_Exercise details:_
Let the line containing "#31455 = VERTEX_POINT ( 'NONE', #9790 ) ;" serve as the first line of the answer and the final line of the entries as its last, with every line between copied exactly.

Recorded data:
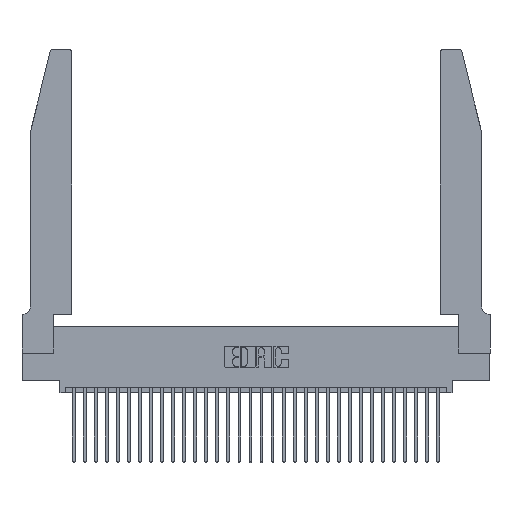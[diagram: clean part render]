
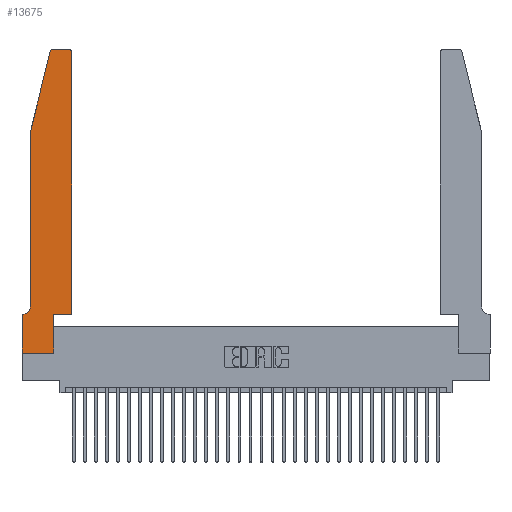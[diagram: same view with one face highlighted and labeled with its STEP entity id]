
A CAD part, top view. The second image highlights one B-rep face of the part: STEP entity #13675.
In plain terms, the highlighted planar face has unit normal (0, 0, 1).
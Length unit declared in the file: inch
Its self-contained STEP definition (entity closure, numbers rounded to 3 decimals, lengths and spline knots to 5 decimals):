
#25 = ORIENTED_EDGE ( 'NONE', *, *, #30027, .T. ) ;
#92 = DIRECTION ( 'NONE',  ( -1., 0., 0. ) ) ;
#1035 = DIRECTION ( 'NONE',  ( 0., 1., 0. ) ) ;
#1152 = VECTOR ( 'NONE', #1035, 39.37008 ) ;
#1697 = EDGE_CURVE ( 'NONE', #26079, #8238, #8422, .T. ) ;
#2049 = AXIS2_PLACEMENT_3D ( 'NONE', #27422, #15057, #4658 ) ;
#2746 = EDGE_CURVE ( 'NONE', #31455, #3233, #27366, .T. ) ;
#2988 = DIRECTION ( 'NONE',  ( -1., 0., 0. ) ) ;
#3079 = VECTOR ( 'NONE', #9104, 39.37008 ) ;
#3233 = VERTEX_POINT ( 'NONE', #29563 ) ;
#3470 = LINE ( 'NONE', #19190, #3079 ) ;
#3488 = ORIENTED_EDGE ( 'NONE', *, *, #9494, .T. ) ;
#3864 = EDGE_CURVE ( 'NONE', #12762, #6124, #31638, .T. ) ;
#4239 = VERTEX_POINT ( 'NONE', #24169 ) ;
#4321 = CARTESIAN_POINT ( 'NONE',  ( 0.0055, 0.35, 0.37 ) ) ;
#4658 = DIRECTION ( 'NONE',  ( 1., 0., 0. ) ) ;
#4957 = EDGE_CURVE ( 'NONE', #7371, #14428, #27210, .T. ) ;
#5271 = CARTESIAN_POINT ( 'NONE',  ( 0.4505, 0.35, 0.37 ) ) ;
#5275 = ORIENTED_EDGE ( 'NONE', *, *, #4957, .T. ) ;
#5991 = DIRECTION ( 'NONE',  ( 1., 0., 0. ) ) ;
#6124 = VERTEX_POINT ( 'NONE', #9626 ) ;
#6265 = CIRCLE ( 'NONE', #24764, 0.03 ) ;
#6948 = VERTEX_POINT ( 'NONE', #26840 ) ;
#7049 = VECTOR ( 'NONE', #8025, 39.37008 ) ;
#7225 = ORIENTED_EDGE ( 'NONE', *, *, #9140, .T. ) ;
#7371 = VERTEX_POINT ( 'NONE', #20490 ) ;
#7673 = LINE ( 'NONE', #26190, #19293 ) ;
#7944 = VECTOR ( 'NONE', #29521, 39.37008 ) ;
#8025 = DIRECTION ( 'NONE',  ( 1., 0., 0. ) ) ;
#8172 = DIRECTION ( 'NONE',  ( 0., -1., 0. ) ) ;
#8238 = VERTEX_POINT ( 'NONE', #25209 ) ;
#8292 = ORIENTED_EDGE ( 'NONE', *, *, #12793, .T. ) ;
#8422 = LINE ( 'NONE', #30692, #32193 ) ;
#9100 = ORIENTED_EDGE ( 'NONE', *, *, #2746, .T. ) ;
#9104 = DIRECTION ( 'NONE',  ( 0., -1., 0. ) ) ;
#9140 = EDGE_CURVE ( 'NONE', #6948, #7371, #13785, .T. ) ;
#9163 = EDGE_CURVE ( 'NONE', #26805, #17429, #6265, .T. ) ;
#9494 = EDGE_CURVE ( 'NONE', #4239, #26805, #7673, .T. ) ;
#9626 = CARTESIAN_POINT ( 'NONE',  ( 0.0755, 0.42, 0.37 ) ) ;
#9790 = CARTESIAN_POINT ( 'NONE',  ( 0., 0., 0.37 ) ) ;
#10124 = FACE_OUTER_BOUND ( 'NONE', #20567, .T. ) ;
#11430 = VECTOR ( 'NONE', #8172, 39.37008 ) ;
#11976 = LINE ( 'NONE', #19204, #22633 ) ;
#12529 = CIRCLE ( 'NONE', #13154, 0.07 ) ;
#12762 = VERTEX_POINT ( 'NONE', #22329 ) ;
#12793 = EDGE_CURVE ( 'NONE', #14428, #4239, #28008, .T. ) ;
#13049 = EDGE_CURVE ( 'NONE', #3233, #6948, #26397, .T. ) ;
#13154 = AXIS2_PLACEMENT_3D ( 'NONE', #15195, #25670, #92 ) ;
#13231 = ORIENTED_EDGE ( 'NONE', *, *, #1697, .T. ) ;
#13628 = PLANE ( 'NONE',  #15232 ) ;
#13675 = ADVANCED_FACE ( 'NONE', ( #10124 ), #13628, .T. ) ;
#13785 = LINE ( 'NONE', #5271, #7049 ) ;
#13917 = ORIENTED_EDGE ( 'NONE', *, *, #9163, .T. ) ;
#14428 = VERTEX_POINT ( 'NONE', #25834 ) ;
#14483 = DIRECTION ( 'NONE',  ( 0., 1., 0. ) ) ;
#15057 = DIRECTION ( 'NONE',  ( 0., 0., 1. ) ) ;
#15195 = CARTESIAN_POINT ( 'NONE',  ( 0.0055, 0.42, 0.37 ) ) ;
#15232 = AXIS2_PLACEMENT_3D ( 'NONE', #15854, #16196, #5991 ) ;
#15430 = ORIENTED_EDGE ( 'NONE', *, *, #30236, .T. ) ;
#15854 = CARTESIAN_POINT ( 'NONE',  ( 0., 0.35, 0.37 ) ) ;
#16128 = VECTOR ( 'NONE', #14483, 39.37008 ) ;
#16196 = DIRECTION ( 'NONE',  ( 0., 0., 1. ) ) ;
#16245 = CARTESIAN_POINT ( 'NONE',  ( 0.284, 2.72, 0.37 ) ) ;
#17429 = VERTEX_POINT ( 'NONE', #27963 ) ;
#18886 = DIRECTION ( 'NONE',  ( 1., 0., 0. ) ) ;
#19190 = CARTESIAN_POINT ( 'NONE',  ( 0., 0., 0.37 ) ) ;
#19204 = CARTESIAN_POINT ( 'NONE',  ( 0.0755, 2., 0.37 ) ) ;
#19293 = VECTOR ( 'NONE', #21338, 39.37008 ) ;
#20375 = EDGE_CURVE ( 'NONE', #17429, #12762, #11976, .T. ) ;
#20490 = CARTESIAN_POINT ( 'NONE',  ( 0.4505, 0.35, 0.37 ) ) ;
#20567 = EDGE_LOOP ( 'NONE', ( #3488, #13917, #21073, #21820, #15430, #13231, #25, #9100, #23627, #7225, #5275, #8292 ) ) ;
#21073 = ORIENTED_EDGE ( 'NONE', *, *, #20375, .T. ) ;
#21338 = DIRECTION ( 'NONE',  ( -1., 0., 0. ) ) ;
#21820 = ORIENTED_EDGE ( 'NONE', *, *, #3864, .T. ) ;
#22329 = CARTESIAN_POINT ( 'NONE',  ( 0.0755, 2., 0.37 ) ) ;
#22633 = VECTOR ( 'NONE', #24081, 39.37008 ) ;
#23627 = ORIENTED_EDGE ( 'NONE', *, *, #13049, .T. ) ;
#24081 = DIRECTION ( 'NONE',  ( -0.239, -0.971, 0. ) ) ;
#24169 = CARTESIAN_POINT ( 'NONE',  ( 0.4205, 2.75, 0.37 ) ) ;
#24764 = AXIS2_PLACEMENT_3D ( 'NONE', #16245, #31259, #18886 ) ;
#25209 = CARTESIAN_POINT ( 'NONE',  ( 0., 0.35, 0.37 ) ) ;
#25670 = DIRECTION ( 'NONE',  ( 0., 0., -1. ) ) ;
#25834 = CARTESIAN_POINT ( 'NONE',  ( 0.4505, 2.72, 0.37 ) ) ;
#26079 = VERTEX_POINT ( 'NONE', #4321 ) ;
#26190 = CARTESIAN_POINT ( 'NONE',  ( 0.2605, 2.75, 0.37 ) ) ;
#26397 = LINE ( 'NONE', #31253, #1152 ) ;
#26745 = CARTESIAN_POINT ( 'NONE',  ( 0.4505, 0.35, 0.37 ) ) ;
#26805 = VERTEX_POINT ( 'NONE', #29780 ) ;
#26840 = CARTESIAN_POINT ( 'NONE',  ( 0.2865, 0.35, 0.37 ) ) ;
#27210 = LINE ( 'NONE', #26745, #16128 ) ;
#27366 = LINE ( 'NONE', #31865, #7944 ) ;
#27422 = CARTESIAN_POINT ( 'NONE',  ( 0.4205, 2.72, 0.37 ) ) ;
#27572 = CARTESIAN_POINT ( 'NONE',  ( 0.0755, 2., 0.37 ) ) ;
#27963 = CARTESIAN_POINT ( 'NONE',  ( 0.25487, 2.72718, 0.37 ) ) ;
#28008 = CIRCLE ( 'NONE', #2049, 0.03 ) ;
#29521 = DIRECTION ( 'NONE',  ( 1., 0., 0. ) ) ;
#29563 = CARTESIAN_POINT ( 'NONE',  ( 0.2865, 0., 0.37 ) ) ;
#29780 = CARTESIAN_POINT ( 'NONE',  ( 0.284, 2.75, 0.37 ) ) ;
#30027 = EDGE_CURVE ( 'NONE', #8238, #31455, #3470, .T. ) ;
#30236 = EDGE_CURVE ( 'NONE', #6124, #26079, #12529, .T. ) ;
#30692 = CARTESIAN_POINT ( 'NONE',  ( 0.0755, 0.35, 0.37 ) ) ;
#31253 = CARTESIAN_POINT ( 'NONE',  ( 0.2865, 0.35, 0.37 ) ) ;
#31259 = DIRECTION ( 'NONE',  ( 0., 0., 1. ) ) ;
#31455 = VERTEX_POINT ( 'NONE', #9790 ) ;
#31638 = LINE ( 'NONE', #27572, #11430 ) ;
#31865 = CARTESIAN_POINT ( 'NONE',  ( 0., 0., 0.37 ) ) ;
#32193 = VECTOR ( 'NONE', #2988, 39.37008 ) ;

_Solution below:_
#31455 = VERTEX_POINT ( 'NONE', #9790 ) ;
#31638 = LINE ( 'NONE', #27572, #11430 ) ;
#31865 = CARTESIAN_POINT ( 'NONE',  ( 0., 0., 0.37 ) ) ;
#32193 = VECTOR ( 'NONE', #2988, 39.37008 ) ;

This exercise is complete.